Hospice and palliative care services are seeing new demand as more patients find themselves terminally ill at home in the wake of a global pandemic putting strain on the public health system.
The CEO of the Hospice Palliative Care Association (HPCA), Ewa Skowronska, highlighted the unseen role these services are playing in the Covid-19 pandemic.
“During Covid-19, we have been able to understand these services more and it is a chance to see the role it can play. Right now, families are being separated and it is difficult. Some patients are dying and some are having very bad symptoms and the recovery is very difficult,” she said.
“When patients get out of the hospital, they are often weak, physically and mentally. If they were on the ventilators it is difficult for them to breathe on their own and those are the ones which come to hospice to recover.
“In hospital, they only keep them for a week or so before making space for someone new. But the recovery time from Covid-19 is long, especially for patients with pre-existing conditions.”
Palliative care was being offered by trained health workers offering specialist support in areas critical during the pandemic such as pain and symptom management, communication with families, spiritual support and bereavement counselling.
Families and patients were often unaware that they should expect holistic support when facing life-threatening diseases, Skowronska said.

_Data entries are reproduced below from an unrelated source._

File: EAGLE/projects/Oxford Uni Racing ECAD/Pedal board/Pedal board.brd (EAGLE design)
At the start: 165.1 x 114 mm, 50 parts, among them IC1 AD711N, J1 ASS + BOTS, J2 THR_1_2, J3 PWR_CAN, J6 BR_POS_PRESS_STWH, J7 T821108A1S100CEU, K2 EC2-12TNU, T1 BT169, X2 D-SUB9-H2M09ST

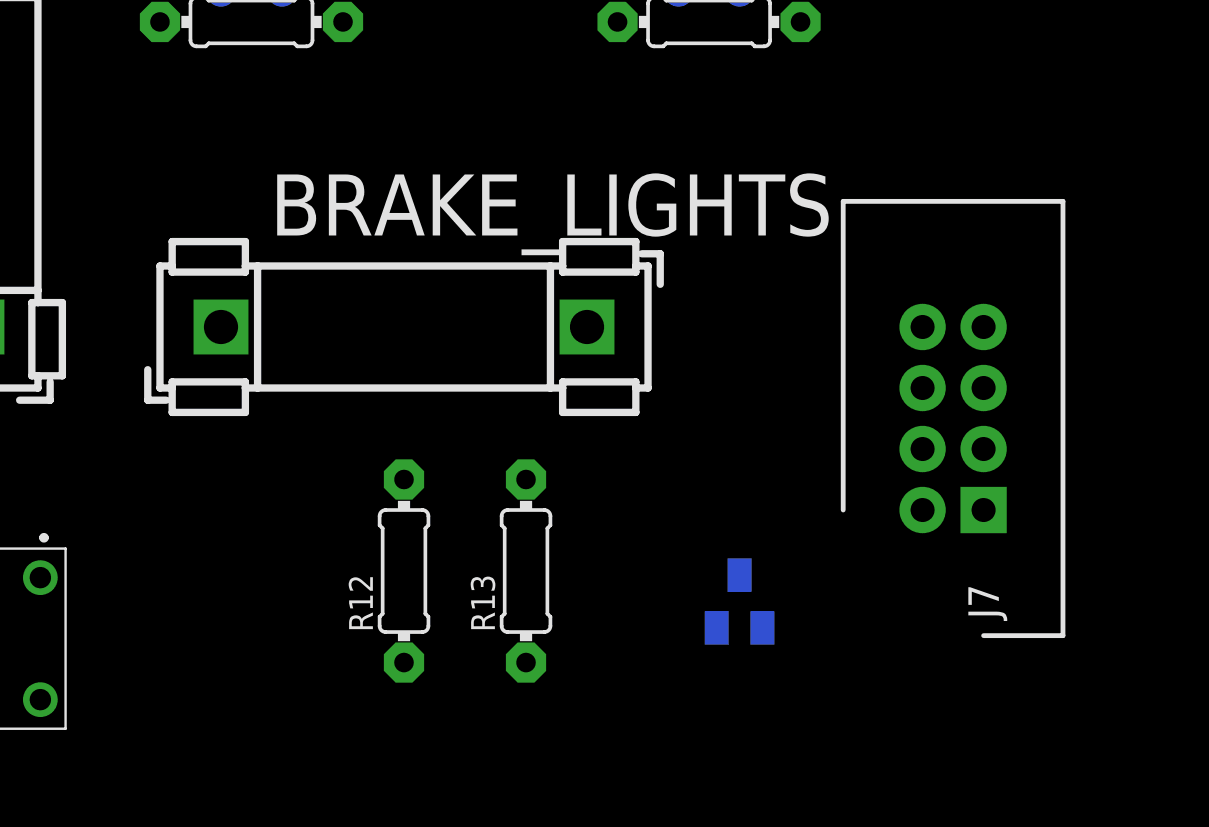
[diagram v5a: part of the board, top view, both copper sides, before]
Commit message: removed brake lights from pedal board
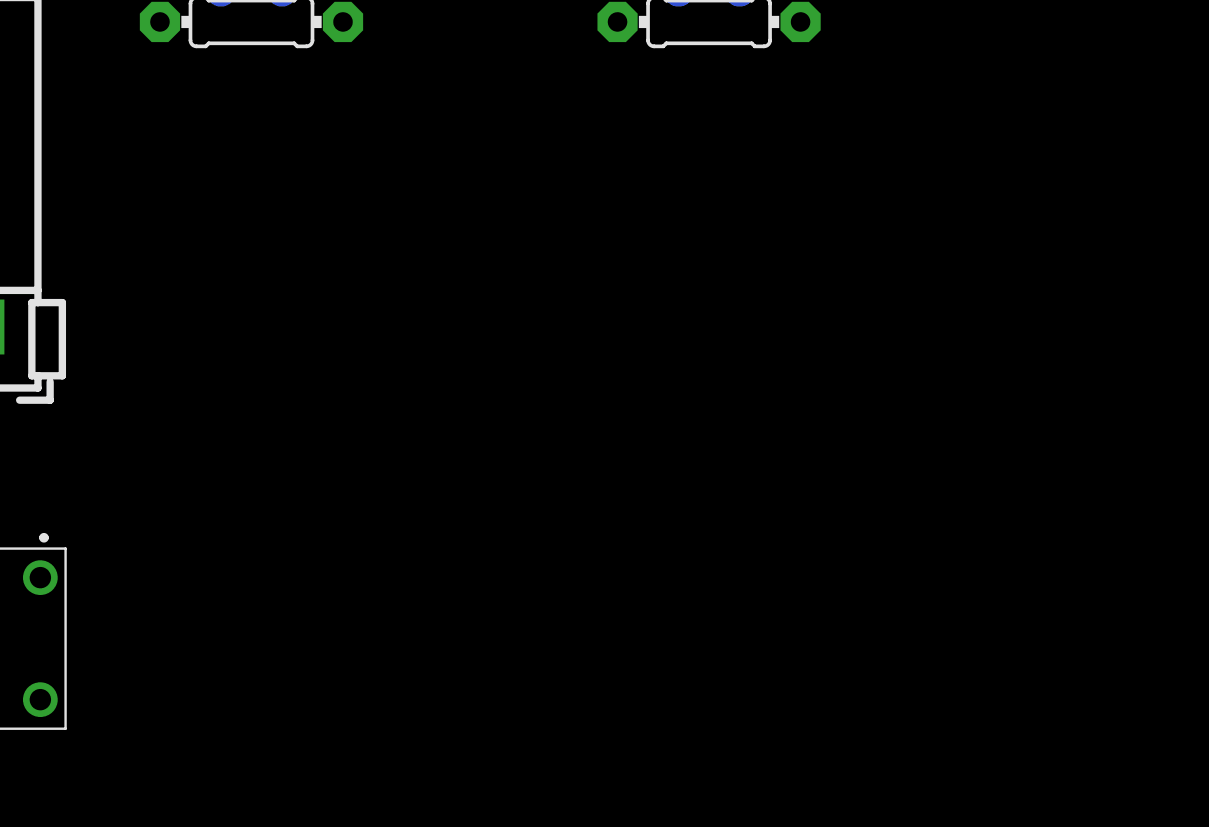
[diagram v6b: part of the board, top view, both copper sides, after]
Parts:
- removed BRAKE_LIGHTS: 1A, fuse:FUSE_HOLDER_5X20MM
- removed BR_LIGHTS_TR: IRLML2502GTRPBF, adafruit:SOT23
- removed J7: T821108A1S100CEU, T821108A1S100CEU:HDRV8W64P254_2X4_1778X895X915P
- removed R12: 1K, adafruit:0204/7
- removed R13: 47K, adafruit:0204/7
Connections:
- removed net 12V_BR_LIGHTS: BRAKE_LIGHTS.2, J7.8
- removed net BRAKE_LIGHTS_OUT: R12.1, U$1.J804-2
- removed net N$25: BR_LIGHTS_TR.1, R12.2, R13.2
- removed net N$28: BR_LIGHTS_TR.3, J7.3
- net 12V_BATTERY: no longer BRAKE_LIGHTS.1
- net BR_POSS2: no longer U$1.J803-3
- net GND: no longer BR_LIGHTS_TR.2, R13.1
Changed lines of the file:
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@@
 <attribute name="VALUE" x="85.09" y="24.13" size="1.27" layer="27" rot="R270" align="center"/>
-</element>
-<element name="J7" library="T821108A1S100CEU" package="HDRV8W64P254_2X4_1778X895X915P" value="T821108A1S100CEU" x="154.94" y="69.85" smashed="yes" rot="R90">
-<attribute name="DESCRIPTION" value="HEADER, VERTICAL, 2.54MM, 8WAY Amphenol T821 Series, 2.54mm Pitch 8 Way 2 Row Straight PCB Header, Solder Termination, 3A" x="154.94" y="67.31" size="1.778" layer="27" rot="R90" display="off"/>
-<attribute name="HEIGHT" value="9.15mm" x="154.94" y="67.31" size="1.778" layer="27" rot="R90" display="off"/>
-<attribute name="MANUFACTURER_NAME" value="Amphenol" x="154.94" y="67.31" size="1.778" layer="27" rot="R90" display="off"/>
-<attribute name="MANUFACTURER_PART_NUMBER" value="T821108A1S100CEU" x="154.94" y="67.31" size="1.778" layer="27" rot="R90" display="off"/>
-<attribute name="NAME" x="154.94" y="66.04" size="1.27" layer="25" rot="R90" align="center"/>
-<attribute name="RS_PART_NUMBER" value="1702738" x="154.94" y="67.31" size="1.778" layer="27" rot="R90" display="off"/>
-<attribute name="VALUE" x="157.48" y="73.66" size="1.27" layer="27" rot="R90" align="center"/>
-</element>
-<element name="R12" library="adafruit" library_urn="urn:adsk.eagle:library:420" package="0204/7" package3d_urn="urn:adsk.eagle:package:6240596/1" value="1K" x="130.81" y="67.31" smashed="yes" rot="R90">
-<attribute name="NAME" x="129.5146" y="64.77" size="0.9906" layer="25" ratio="12" rot="R90"/>
-<attribute name="VALUE" x="131.2926" y="65.6844" size="0.9906" layer="27" ratio="12" rot="R90"/>
-</element>
-<element name="R13" library="adafruit" library_urn="urn:adsk.eagle:library:420" package="0204/7" package3d_urn="urn:adsk.eagle:package:6240596/1" value="47K" x="135.89" y="67.31" smashed="yes" rot="R90">
-<attribute name="NAME" x="134.5946" y="64.77" size="0.9906" layer="25" ratio="12" rot="R90"/>
-<attribute name="VALUE" x="136.3726" y="65.6844" size="0.9906" layer="27" ratio="12" rot="R90"/>
-</element>
-<element name="BR_LIGHTS_TR" library="adafruit" library_urn="urn:adsk.eagle:library:420" package="SOT23" package3d_urn="urn:adsk.eagle:package:6240836/1" value="IRLML2502GTRPBF" x="144.78" y="66.04" smashed="yes" rot="MR0">
-<attribute name="NAME" x="146.685" y="67.945" size="1.27" layer="26" rot="MR0"/>
-<attribute name="VALUE" x="146.685" y="62.865" size="1.27" layer="28" rot="MR0"/>
 </element>
 <element name="IC1" library="analog-devices" library_urn="urn:adsk.eagle:library:102" package="DIL08" package3d_urn="urn:adsk.eagle:package:3915/1" value="AD711N" x="113.03" y="34.29" smashed="yes" rot="R270">
@@
 <attribute name="OC_NEWARK" value="unknown" x="113.03" y="77.47" size="1.778" layer="27" rot="R90" display="off"/>
 <attribute name="VALUE" x="131.318" y="2.032" size="2.54" layer="27" rot="R270"/>
-</element>
-<element name="BRAKE_LIGHTS" library="fuse" library_urn="urn:adsk.eagle:library:233" package="FUSE_HOLDER_5X20MM" package3d_urn="urn:adsk.eagle:package:14079/1" value="1A" x="123.19" y="77.47" smashed="yes">
-<attribute name="MF" value="" x="123.19" y="77.47" size="1.778" layer="27" display="off"/>
-<attribute name="MPN" value="" x="123.19" y="77.47" size="1.778" layer="27" display="off"/>
-<attribute name="NAME" x="125.222" y="81.28" size="2.54" layer="25"/>
-<attribute name="OC_FARNELL" value="unknown" x="123.19" y="77.47" size="1.778" layer="27" display="off"/>
-<attribute name="OC_NEWARK" value="unknown" x="123.19" y="77.47" size="1.778" layer="27" display="off"/>
-<attribute name="VALUE" x="124.968" y="71.628" size="2.54" layer="27"/>
 </element>
 <element name="R1" library="adafruit" library_urn="urn:adsk.eagle:library:420" package="0204/7" package3d_urn="urn:adsk.eagle:package:6240596/1" value="1M" x="104.14" y="43.18" smashed="yes">
@@
 <contactref element="J2" pad="4"/>
 <contactref element="J6" pad="3"/>
-<contactref element="R13" pad="1"/>
-<contactref element="BR_LIGHTS_TR" pad="2"/>
 <contactref element="IC1" pad="4"/>
 <contactref element="R17" pad="1"/>
@@
 <wire x1="186.18835" y1="29.21" x2="188.01714375" y2="26.57855625" width="0" layer="19" extent="16-16"/>
 <wire x1="182.88" y1="32.5657875" x2="182.88" y2="29.21" width="0" layer="19" extent="16-16"/>
-<wire x1="143.83" y1="64.94" x2="179.202075" y2="41.961225" width="0" layer="19" extent="16-16"/>
+<wire x1="144.78" y1="91.44" x2="180.161775" y2="42.920925" width="0" layer="19" extent="16-16"/>
+<wire x1="139.7" y1="90.17" x2="144.78" y2="91.44" width="0" layer="19" extent="16-16"/>
+<wire x1="134.62" y1="104.14" x2="144.78" y2="96.52" width="0" layer="19" extent="16-16"/>
+<wire x1="120.65" y1="90.17" x2="125.73" y2="91.44" width="0" layer="19" extent="16-16"/>
+<wire x1="99.06" y1="105.5624" x2="120.65" y2="90.17" width="0" layer="19" extent="1-1"/>
+<wire x1="87.63" y1="69.85" x2="93.98" y2="91.44" width="0" layer="19" extent="1-1"/>
+<wire x1="87.63" y1="62.23" x2="87.63" y2="69.85" width="0" layer="19" extent="1-1"/>
+<wire x1="87.63" y1="46.99" x2="87.63" y2="62.23" width="0" layer="19" extent="1-1"/>
+<wire x1="90.17" y1="46.99" x2="87.63" y2="46.99" width="0" layer="19" extent="1-1"/>
+<wire x1="87.63" y1="26.67" x2="87.63" y2="46.99" width="0" layer="19" extent="1-1"/>
+<wire x1="105.41" y1="31.75" x2="87.63" y2="26.67" width="0" layer="19" extent="1-1"/>
+<wire x1="109.22" y1="30.48" x2="105.41" y2="31.75" width="0" layer="19" extent="1-1"/>
+<wire x1="63.5" y1="60.96" x2="87.63" y2="62.23" width="0" layer="19" extent="1-1"/>
+<wire x1="63.5" y1="58.42" x2="63.5" y2="60.96" width="0" layer="19" extent="1-1"/>
 </signal>
 <signal name="N$7">
@@
 <wire x1="63.5" y1="45.72" x2="87.63" y2="24.13" width="0" layer="19" extent="1-1"/>
 </signal>
-<signal name="BRAKE_LIGHTS_OUT">
-<contactref element="R12" pad="1"/>
-<contactref element="U$1" pad="J804-2"/>
-<wire x1="15.24" y1="43.18" x2="130.81" y2="63.5" width="0" layer="19" extent="1-1"/>
-</signal>
-<signal name="N$25">
-<contactref element="R12" pad="2"/>
-<contactref element="R13" pad="2"/>
-<contactref element="BR_LIGHTS_TR" pad="1"/>
-<wire x1="135.89" y1="71.12" x2="145.73" y2="64.94" width="0" layer="19" extent="16-16"/>
-<wire x1="130.81" y1="71.12" x2="135.89" y2="71.12" width="0" layer="19" extent="1-1"/>
-</signal>
-<signal name="N$28">
-<contactref element="J7" pad="3"/>
-<contactref element="BR_LIGHTS_TR" pad="3"/>
-<wire x1="144.78" y1="67.14" x2="154.94" y2="72.39" width="0" layer="19" extent="16-16"/>
-</signal>
 <signal name="N$23">
 <contactref element="IC1" pad="6"/>
@@
 <contactref element="J6" pad="7"/>
 <contactref element="R4" pad="1"/>
-<contactref element="U$1" pad="J803-3"/>
 <wire x1="87.63" y1="21.59" x2="100.33" y2="17.78" width="0" layer="19" extent="1-1"/>
-<wire x1="63.5" y1="43.18" x2="87.63" y2="21.59" width="0" layer="19" extent="1-1"/>
 </signal>
 <signal name="ST_WH_POSS">
@@
 <contactref element="J3" pad="2"/>
 <contactref element="F1" pad="1"/>
-<contactref element="BRAKE_LIGHTS" pad="1"/>
-<wire x1="113.03" y1="77.47" x2="123.19" y2="77.47" width="0" layer="19" extent="1-1"/>
 <wire x1="91.44" y1="91.44" x2="113.03" y2="77.47" width="0" layer="19" extent="1-1"/>
 <wire x1="91.44" y1="93.98" x2="91.44" y2="91.44" width="0" layer="19" extent="1-1"/>
 </signal>
-<signal name="12V_BR_LIGHTS">
-<contactref element="J7" pad="8"/>
-<contactref element="BRAKE_LIGHTS" pad="2"/>
-<wire x1="138.43" y1="77.47" x2="152.4" y2="77.47" width="0" layer="19" extent="1-1"/>
-</signal>
 <signal name="N$4">

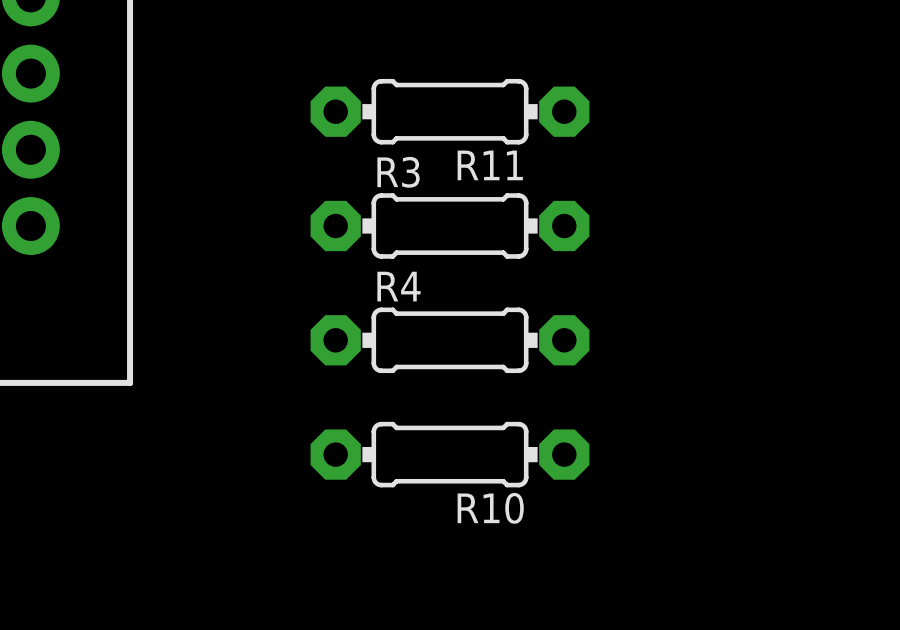
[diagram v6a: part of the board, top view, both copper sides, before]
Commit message: removed brake lights from pedal board
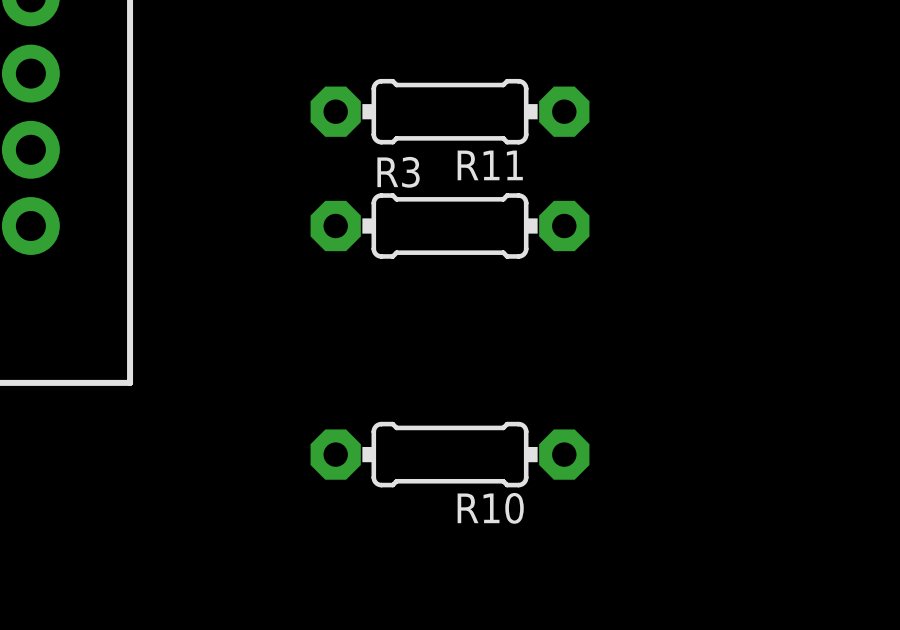
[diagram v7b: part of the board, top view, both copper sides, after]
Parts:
- removed R4: 1M, adafruit:0204/7
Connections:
- removed net BR_POSS2: J6.7, R4.1
- net 5V: no longer R4.2
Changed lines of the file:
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@@
 <attribute name="VALUE" x="102.5144" y="21.1074" size="0.9906" layer="27" ratio="12"/>
-</element>
-<element name="R4" library="adafruit" library_urn="urn:adsk.eagle:library:420" package="0204/7" package3d_urn="urn:adsk.eagle:package:6240596/1" value="1M" x="104.14" y="17.78" smashed="yes">
-<attribute name="NAME" x="101.6" y="19.0754" size="0.9906" layer="25" ratio="12"/>
-<attribute name="VALUE" x="102.5144" y="17.2974" size="0.9906" layer="27" ratio="12"/>
 </element>
 <element name="R10" library="adafruit" library_urn="urn:adsk.eagle:library:420" package="0204/7" package3d_urn="urn:adsk.eagle:package:6240596/1" value="1M" x="104.14" y="13.97" smashed="yes" rot="R180">
@@
 <contactref element="R21" pad="E"/>
 <contactref element="R10" pad="1"/>
-<contactref element="R4" pad="2"/>
 <contactref element="R11" pad="1"/>
 <contactref element="R3" pad="2"/>
@@
 <contactref element="U$1" pad="J802-4"/>
 <wire x1="107.95" y1="13.97" x2="222.885" y2="2.54" width="0" layer="19" extent="1-1"/>
-<wire x1="107.95" y1="17.78" x2="107.95" y2="13.97" width="0" layer="19" extent="1-1"/>
-<wire x1="107.95" y1="21.59" x2="107.95" y2="17.78" width="0" layer="19" extent="1-1"/>
+<wire x1="107.95" y1="21.59" x2="107.95" y2="13.97" width="0" layer="19" extent="1-1"/>
 <wire x1="107.95" y1="25.4" x2="107.95" y2="21.59" width="0" layer="19" extent="1-1"/>
 <wire x1="107.95" y1="43.18" x2="107.95" y2="25.4" width="0" layer="19" extent="1-1"/>
@@
 <wire x1="200.12786875" y1="23.44928125" x2="202.03794375" y2="25.35935625" width="0" layer="19" extent="16-16"/>
 </signal>
-<signal name="BR_POSS2">
-<contactref element="J6" pad="7"/>
-<contactref element="R4" pad="1"/>
-<wire x1="87.63" y1="21.59" x2="100.33" y2="17.78" width="0" layer="19" extent="1-1"/>
-</signal>
 <signal name="ST_WH_POSS">

At the Ladies of Hope centre in Ennerdale, south of Johannesburg, plans are in place for a 14-bed Covid-19 centre in conjunction with three local doctors.
“We received a donation of seven oxygen concentrators that could help 14 patients,” said CEO Myrtle Williams.
“The centre will house patients with breathing problems who cannot be admitted to hospital.”
HPCA’s 103 member hospices across SA who care for patients with life-threatening diseases, predominantly in the comfort of their own homes, implemented strict standard operating protocols early in the pandemic to protect the highly vulnerable.
As the lockdown continued, some hospices extended it to care for those affected by Covid-19.
According to Tersia Burger, CEO of Stepping Stone Hospice & Care Services in Alberton, the centre was increasingly recognising that virus infections fell within the palliative care category.
“People are ‘broken’ by Covid-19,” said Burger, who tested positive for the virus herself.
“Many need rehabilitative support. Their families are also under stress as everyone suddenly faces mortality and there is a long recovery process.”
Skowronska said: “Hospice is not a building, but a philosophy. It is essentially the desire to promote quality in life, dignity in death and support in bereavement.
“Hospices deliver home-based care, community centres and in-patient around-the-clock care.”